Nothing below is to be printed except the lines between the line holding "line L31 (150.325, -105.5)" and the line holding "arc A35 (-33.5, -6.325)", inclusive, each exactly as it appears.
── Extracted material
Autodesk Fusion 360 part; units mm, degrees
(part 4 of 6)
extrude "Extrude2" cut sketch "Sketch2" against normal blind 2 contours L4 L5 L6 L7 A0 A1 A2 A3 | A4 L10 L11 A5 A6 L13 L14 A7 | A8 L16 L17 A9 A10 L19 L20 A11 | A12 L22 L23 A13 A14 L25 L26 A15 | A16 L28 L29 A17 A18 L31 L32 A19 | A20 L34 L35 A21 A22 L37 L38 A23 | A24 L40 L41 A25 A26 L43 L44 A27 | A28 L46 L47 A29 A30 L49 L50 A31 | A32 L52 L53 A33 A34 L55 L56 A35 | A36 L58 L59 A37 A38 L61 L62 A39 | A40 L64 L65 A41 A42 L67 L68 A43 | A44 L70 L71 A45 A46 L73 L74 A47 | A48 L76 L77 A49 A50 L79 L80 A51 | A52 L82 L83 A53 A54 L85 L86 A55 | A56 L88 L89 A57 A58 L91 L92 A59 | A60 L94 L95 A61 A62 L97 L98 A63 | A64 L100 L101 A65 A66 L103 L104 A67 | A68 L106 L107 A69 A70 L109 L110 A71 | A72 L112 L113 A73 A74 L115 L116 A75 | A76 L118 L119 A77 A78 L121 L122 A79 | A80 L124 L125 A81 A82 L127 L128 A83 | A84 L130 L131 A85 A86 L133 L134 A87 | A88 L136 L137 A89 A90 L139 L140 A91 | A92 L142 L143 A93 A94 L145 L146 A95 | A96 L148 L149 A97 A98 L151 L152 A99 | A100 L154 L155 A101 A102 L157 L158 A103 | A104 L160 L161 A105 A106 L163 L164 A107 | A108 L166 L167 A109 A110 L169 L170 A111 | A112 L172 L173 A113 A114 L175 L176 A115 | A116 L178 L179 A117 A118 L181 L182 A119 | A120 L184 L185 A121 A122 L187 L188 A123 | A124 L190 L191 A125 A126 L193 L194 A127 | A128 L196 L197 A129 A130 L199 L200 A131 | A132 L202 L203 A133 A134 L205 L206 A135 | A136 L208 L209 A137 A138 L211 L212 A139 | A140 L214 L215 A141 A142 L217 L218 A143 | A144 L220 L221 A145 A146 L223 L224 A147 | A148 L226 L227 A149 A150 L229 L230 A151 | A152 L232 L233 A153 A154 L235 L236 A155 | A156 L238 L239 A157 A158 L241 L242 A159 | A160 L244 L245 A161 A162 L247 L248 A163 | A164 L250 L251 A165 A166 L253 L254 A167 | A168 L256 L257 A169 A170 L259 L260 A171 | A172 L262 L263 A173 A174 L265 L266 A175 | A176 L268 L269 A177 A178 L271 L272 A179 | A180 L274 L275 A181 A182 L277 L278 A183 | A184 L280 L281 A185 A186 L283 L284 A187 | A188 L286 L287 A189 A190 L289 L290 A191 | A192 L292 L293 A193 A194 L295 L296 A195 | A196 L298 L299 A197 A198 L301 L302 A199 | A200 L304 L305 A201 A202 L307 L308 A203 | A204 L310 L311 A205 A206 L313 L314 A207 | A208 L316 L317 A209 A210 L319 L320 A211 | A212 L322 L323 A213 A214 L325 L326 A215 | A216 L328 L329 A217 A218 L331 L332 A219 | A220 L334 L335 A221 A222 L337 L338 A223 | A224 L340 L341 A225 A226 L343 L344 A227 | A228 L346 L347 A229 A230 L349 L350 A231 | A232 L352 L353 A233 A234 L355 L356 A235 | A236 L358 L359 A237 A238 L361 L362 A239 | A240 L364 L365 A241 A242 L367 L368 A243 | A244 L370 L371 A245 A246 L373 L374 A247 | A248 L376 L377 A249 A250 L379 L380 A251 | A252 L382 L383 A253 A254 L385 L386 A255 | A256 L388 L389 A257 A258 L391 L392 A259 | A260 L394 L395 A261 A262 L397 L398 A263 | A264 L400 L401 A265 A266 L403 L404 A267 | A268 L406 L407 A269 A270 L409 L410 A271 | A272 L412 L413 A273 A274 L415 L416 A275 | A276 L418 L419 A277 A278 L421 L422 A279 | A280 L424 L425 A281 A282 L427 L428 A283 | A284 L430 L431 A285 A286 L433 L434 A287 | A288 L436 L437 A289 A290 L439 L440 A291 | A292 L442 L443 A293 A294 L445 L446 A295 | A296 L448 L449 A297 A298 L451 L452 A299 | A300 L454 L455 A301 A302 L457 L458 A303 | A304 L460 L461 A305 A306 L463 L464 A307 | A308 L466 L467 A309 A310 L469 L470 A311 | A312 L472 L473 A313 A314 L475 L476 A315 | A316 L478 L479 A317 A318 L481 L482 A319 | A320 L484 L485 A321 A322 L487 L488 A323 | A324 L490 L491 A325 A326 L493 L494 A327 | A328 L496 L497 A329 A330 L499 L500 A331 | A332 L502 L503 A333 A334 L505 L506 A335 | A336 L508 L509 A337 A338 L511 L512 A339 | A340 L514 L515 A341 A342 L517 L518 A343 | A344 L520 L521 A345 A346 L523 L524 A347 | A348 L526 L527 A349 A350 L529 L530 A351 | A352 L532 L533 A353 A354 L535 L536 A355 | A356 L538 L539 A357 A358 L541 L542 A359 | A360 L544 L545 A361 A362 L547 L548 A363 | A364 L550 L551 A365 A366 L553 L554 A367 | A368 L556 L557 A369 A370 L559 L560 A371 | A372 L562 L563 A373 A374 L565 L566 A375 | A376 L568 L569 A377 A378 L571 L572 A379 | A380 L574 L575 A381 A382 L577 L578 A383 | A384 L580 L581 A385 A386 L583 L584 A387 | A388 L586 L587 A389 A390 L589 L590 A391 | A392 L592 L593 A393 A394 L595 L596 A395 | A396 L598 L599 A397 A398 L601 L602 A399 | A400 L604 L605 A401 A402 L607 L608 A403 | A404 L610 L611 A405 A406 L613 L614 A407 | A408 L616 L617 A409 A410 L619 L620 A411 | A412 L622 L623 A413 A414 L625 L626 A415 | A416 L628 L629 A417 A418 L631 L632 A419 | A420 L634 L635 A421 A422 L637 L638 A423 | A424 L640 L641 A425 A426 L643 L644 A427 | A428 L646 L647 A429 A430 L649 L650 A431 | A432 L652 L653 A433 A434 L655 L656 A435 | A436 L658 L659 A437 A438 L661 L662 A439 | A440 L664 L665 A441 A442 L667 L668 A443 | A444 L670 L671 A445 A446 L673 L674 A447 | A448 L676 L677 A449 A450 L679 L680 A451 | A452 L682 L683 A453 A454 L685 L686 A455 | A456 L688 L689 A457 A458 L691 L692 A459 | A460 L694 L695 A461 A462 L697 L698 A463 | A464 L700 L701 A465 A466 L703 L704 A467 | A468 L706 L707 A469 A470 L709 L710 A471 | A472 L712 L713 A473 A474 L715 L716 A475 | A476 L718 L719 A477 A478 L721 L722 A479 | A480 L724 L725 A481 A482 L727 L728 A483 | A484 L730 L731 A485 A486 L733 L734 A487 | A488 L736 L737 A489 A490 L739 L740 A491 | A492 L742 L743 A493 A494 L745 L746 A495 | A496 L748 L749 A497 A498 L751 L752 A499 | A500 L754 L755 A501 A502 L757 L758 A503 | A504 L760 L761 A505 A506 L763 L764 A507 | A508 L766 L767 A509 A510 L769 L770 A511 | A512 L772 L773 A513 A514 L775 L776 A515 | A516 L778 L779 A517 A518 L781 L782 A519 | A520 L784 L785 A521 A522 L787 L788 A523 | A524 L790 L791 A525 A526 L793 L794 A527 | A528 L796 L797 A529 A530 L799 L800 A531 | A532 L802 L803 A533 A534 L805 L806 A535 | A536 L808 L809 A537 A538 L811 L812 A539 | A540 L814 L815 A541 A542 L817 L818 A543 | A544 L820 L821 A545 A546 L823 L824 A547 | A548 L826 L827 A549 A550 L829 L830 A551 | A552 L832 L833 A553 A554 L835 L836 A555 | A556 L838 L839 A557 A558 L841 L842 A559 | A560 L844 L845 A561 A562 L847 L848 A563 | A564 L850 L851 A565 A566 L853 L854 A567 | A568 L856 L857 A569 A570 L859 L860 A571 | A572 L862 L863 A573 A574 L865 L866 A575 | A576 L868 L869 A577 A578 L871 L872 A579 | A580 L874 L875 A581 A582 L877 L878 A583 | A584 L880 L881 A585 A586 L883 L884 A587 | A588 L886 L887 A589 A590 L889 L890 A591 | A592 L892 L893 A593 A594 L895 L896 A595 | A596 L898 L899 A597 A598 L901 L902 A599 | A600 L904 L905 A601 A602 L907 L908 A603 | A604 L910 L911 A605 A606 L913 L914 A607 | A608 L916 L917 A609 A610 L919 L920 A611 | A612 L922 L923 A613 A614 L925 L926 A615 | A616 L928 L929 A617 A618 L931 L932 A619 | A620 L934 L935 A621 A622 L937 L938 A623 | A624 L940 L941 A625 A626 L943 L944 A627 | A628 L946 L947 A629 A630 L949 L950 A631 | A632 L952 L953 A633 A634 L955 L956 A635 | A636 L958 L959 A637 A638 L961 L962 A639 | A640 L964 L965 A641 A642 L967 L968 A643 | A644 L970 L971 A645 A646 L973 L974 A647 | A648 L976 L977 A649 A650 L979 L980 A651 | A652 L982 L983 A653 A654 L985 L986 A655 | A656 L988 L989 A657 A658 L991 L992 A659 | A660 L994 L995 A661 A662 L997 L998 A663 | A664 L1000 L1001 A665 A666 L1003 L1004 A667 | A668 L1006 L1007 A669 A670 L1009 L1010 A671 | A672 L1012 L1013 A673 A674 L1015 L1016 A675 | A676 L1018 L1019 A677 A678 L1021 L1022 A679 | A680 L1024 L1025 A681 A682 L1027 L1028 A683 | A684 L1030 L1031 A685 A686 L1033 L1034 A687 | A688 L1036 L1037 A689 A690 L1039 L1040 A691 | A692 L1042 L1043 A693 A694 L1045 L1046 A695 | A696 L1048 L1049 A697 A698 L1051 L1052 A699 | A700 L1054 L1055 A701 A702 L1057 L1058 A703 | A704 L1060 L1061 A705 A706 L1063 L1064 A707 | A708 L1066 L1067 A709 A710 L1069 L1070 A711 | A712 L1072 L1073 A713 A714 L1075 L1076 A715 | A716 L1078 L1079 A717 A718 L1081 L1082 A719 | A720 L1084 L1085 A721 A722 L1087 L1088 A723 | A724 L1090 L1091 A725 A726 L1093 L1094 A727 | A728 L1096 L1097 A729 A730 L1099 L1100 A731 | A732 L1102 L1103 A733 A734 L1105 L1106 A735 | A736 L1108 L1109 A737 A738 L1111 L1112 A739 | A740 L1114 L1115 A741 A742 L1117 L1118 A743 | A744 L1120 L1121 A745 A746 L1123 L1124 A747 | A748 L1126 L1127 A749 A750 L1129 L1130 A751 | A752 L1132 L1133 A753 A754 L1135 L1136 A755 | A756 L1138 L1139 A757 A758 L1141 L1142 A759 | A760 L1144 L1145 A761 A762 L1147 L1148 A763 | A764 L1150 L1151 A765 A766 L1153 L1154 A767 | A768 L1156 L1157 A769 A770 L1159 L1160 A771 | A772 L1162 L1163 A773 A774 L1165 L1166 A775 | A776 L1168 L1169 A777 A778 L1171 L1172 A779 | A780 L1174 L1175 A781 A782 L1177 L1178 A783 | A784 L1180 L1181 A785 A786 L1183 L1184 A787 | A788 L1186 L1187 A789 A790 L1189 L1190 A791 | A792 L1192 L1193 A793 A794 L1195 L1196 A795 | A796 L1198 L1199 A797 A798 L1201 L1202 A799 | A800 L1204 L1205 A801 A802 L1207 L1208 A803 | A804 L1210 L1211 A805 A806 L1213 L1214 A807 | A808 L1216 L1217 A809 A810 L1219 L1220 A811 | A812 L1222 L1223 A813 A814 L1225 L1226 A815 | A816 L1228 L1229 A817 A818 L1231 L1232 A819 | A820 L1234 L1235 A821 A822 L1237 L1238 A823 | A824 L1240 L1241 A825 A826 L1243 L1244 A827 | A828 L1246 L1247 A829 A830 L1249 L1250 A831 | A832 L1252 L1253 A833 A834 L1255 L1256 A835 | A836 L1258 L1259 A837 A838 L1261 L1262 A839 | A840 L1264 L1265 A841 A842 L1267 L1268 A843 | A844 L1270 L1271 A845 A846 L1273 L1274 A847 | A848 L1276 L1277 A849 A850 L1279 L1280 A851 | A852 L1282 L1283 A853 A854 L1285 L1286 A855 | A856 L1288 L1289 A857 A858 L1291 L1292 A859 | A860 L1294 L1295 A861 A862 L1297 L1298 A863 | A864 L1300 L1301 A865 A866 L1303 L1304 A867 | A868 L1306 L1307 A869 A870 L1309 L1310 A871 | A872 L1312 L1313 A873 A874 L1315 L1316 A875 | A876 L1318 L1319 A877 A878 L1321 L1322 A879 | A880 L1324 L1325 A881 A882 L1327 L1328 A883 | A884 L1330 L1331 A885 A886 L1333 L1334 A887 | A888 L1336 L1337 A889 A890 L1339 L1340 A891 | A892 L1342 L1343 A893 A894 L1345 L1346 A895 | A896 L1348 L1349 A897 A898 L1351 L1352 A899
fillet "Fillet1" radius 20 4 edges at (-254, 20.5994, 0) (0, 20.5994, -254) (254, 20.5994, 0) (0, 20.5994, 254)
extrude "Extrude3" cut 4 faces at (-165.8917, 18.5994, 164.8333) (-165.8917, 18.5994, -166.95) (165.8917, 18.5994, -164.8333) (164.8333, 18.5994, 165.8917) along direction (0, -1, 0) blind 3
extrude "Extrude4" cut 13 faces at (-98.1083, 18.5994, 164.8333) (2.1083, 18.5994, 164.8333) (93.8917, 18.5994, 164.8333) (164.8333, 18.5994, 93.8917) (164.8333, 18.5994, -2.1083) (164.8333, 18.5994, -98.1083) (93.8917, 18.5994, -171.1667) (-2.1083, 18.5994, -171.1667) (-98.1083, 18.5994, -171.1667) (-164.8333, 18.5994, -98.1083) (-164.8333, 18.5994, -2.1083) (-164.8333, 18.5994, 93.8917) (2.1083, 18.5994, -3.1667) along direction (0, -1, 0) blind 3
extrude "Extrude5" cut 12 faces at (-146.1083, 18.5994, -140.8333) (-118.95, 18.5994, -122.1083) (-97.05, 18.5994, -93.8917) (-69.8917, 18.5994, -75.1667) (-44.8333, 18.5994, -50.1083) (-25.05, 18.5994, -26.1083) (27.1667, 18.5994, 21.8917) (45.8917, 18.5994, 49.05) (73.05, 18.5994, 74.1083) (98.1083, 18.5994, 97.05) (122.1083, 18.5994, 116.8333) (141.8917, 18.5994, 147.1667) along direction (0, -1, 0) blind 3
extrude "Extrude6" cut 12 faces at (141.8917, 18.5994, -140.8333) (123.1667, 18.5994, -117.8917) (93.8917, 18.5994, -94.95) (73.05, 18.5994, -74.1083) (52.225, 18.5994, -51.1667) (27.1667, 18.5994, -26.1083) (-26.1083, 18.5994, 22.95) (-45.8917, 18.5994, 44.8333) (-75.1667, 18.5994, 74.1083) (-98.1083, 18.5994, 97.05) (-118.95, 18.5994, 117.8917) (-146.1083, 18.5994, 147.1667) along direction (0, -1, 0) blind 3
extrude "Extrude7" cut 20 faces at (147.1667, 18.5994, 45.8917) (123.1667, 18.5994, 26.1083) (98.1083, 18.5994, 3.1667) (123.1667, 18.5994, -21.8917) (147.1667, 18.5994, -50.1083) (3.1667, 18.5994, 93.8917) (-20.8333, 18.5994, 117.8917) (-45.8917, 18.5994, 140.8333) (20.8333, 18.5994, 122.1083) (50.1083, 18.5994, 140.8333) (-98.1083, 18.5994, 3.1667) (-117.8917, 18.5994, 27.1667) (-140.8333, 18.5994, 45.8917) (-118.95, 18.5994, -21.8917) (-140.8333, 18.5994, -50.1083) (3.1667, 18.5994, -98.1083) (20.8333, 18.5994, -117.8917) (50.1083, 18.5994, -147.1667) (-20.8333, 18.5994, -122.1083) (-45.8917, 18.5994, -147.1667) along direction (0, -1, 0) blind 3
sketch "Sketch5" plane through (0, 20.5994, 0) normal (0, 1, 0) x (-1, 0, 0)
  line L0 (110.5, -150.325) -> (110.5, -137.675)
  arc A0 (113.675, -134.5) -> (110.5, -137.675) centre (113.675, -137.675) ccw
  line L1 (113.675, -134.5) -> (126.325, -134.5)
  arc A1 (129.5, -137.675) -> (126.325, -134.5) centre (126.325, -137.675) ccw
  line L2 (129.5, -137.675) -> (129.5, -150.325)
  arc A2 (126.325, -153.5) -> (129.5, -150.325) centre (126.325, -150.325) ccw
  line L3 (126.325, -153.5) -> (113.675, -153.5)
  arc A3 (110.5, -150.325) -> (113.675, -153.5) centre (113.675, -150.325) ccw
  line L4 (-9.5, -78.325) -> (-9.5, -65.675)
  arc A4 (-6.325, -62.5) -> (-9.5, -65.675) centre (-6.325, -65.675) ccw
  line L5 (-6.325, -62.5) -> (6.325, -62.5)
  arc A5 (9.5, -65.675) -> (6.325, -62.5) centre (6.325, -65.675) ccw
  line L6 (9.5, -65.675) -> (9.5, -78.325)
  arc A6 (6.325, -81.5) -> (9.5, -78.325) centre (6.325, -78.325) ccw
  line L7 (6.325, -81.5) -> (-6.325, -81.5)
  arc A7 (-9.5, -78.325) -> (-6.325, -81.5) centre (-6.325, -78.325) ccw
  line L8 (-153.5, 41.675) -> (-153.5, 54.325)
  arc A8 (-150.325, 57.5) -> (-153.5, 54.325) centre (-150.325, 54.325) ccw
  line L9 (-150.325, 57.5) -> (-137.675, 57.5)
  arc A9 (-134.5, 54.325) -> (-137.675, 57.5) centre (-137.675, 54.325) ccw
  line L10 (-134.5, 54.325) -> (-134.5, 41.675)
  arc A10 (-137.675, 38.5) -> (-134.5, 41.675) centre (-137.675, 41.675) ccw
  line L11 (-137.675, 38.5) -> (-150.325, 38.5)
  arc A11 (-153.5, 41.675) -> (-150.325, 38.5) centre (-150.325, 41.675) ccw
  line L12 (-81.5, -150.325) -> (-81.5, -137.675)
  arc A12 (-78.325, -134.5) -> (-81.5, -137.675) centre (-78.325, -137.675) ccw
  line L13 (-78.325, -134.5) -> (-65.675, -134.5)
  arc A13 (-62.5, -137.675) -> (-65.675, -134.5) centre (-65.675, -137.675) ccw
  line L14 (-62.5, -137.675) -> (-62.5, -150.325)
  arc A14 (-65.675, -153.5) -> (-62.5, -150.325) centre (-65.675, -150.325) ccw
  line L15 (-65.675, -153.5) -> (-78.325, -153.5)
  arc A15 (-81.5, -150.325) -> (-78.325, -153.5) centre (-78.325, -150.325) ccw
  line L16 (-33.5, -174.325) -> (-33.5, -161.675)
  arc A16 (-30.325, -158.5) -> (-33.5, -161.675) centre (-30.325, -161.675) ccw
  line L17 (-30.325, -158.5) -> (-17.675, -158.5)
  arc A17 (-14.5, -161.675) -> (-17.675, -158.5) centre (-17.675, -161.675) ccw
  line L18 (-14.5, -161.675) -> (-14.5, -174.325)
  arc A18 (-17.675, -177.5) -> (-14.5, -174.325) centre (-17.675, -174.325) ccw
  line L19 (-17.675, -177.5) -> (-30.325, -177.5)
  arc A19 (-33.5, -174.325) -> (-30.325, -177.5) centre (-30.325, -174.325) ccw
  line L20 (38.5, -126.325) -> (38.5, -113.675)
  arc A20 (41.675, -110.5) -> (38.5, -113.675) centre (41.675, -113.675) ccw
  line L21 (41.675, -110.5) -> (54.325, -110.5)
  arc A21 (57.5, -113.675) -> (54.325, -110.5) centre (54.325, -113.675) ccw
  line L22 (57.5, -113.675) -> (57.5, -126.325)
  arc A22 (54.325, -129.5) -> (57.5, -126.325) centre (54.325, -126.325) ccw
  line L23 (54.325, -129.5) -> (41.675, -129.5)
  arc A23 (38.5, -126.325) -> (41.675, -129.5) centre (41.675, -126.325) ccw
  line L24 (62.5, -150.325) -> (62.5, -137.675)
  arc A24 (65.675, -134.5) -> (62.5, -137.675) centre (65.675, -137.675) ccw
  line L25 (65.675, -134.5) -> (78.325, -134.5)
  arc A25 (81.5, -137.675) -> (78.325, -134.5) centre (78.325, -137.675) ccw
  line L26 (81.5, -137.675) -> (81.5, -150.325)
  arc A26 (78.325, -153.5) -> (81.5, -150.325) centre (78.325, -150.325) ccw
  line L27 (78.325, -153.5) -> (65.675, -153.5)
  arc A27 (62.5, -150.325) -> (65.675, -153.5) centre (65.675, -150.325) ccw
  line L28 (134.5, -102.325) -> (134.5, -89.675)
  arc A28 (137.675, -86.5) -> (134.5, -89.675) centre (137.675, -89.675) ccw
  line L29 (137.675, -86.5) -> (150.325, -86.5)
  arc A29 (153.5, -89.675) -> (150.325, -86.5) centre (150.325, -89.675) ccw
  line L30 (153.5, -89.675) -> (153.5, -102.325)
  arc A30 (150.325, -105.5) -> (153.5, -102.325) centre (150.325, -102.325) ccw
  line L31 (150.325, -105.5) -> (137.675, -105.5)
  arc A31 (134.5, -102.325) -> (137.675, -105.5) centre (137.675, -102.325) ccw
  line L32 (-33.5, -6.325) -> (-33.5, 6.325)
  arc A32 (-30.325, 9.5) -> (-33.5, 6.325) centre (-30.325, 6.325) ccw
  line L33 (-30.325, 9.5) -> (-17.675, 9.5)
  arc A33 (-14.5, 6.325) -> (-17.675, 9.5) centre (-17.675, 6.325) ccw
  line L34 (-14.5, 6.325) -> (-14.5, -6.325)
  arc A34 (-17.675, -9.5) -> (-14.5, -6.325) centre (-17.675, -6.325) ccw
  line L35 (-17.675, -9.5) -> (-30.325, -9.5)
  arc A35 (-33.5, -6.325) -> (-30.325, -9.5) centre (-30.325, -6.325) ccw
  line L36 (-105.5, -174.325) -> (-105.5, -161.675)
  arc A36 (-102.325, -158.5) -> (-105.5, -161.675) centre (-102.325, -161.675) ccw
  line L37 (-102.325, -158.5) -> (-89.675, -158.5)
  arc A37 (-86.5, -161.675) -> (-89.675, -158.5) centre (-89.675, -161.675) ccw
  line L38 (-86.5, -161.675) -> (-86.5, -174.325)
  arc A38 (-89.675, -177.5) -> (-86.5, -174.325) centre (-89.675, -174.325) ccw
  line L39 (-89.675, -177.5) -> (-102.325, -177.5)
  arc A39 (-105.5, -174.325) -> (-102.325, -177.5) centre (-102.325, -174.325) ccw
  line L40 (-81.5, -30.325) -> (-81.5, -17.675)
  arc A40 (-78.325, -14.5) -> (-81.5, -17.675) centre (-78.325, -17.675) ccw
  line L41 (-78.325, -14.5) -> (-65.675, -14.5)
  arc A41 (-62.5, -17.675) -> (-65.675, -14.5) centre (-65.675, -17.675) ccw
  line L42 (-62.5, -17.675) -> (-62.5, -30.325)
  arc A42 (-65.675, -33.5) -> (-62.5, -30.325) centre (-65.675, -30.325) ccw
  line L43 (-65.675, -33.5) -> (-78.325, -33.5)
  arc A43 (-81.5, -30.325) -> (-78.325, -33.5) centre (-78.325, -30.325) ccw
────
Exercise result —
  line L31 (150.325, -105.5) -> (137.675, -105.5)
  arc A31 (134.5, -102.325) -> (137.675, -105.5) centre (137.675, -102.325) ccw
  line L32 (-33.5, -6.325) -> (-33.5, 6.325)
  arc A32 (-30.325, 9.5) -> (-33.5, 6.325) centre (-30.325, 6.325) ccw
  line L33 (-30.325, 9.5) -> (-17.675, 9.5)
  arc A33 (-14.5, 6.325) -> (-17.675, 9.5) centre (-17.675, 6.325) ccw
  line L34 (-14.5, 6.325) -> (-14.5, -6.325)
  arc A34 (-17.675, -9.5) -> (-14.5, -6.325) centre (-17.675, -6.325) ccw
  line L35 (-17.675, -9.5) -> (-30.325, -9.5)
  arc A35 (-33.5, -6.325) -> (-30.325, -9.5) centre (-30.325, -6.325) ccw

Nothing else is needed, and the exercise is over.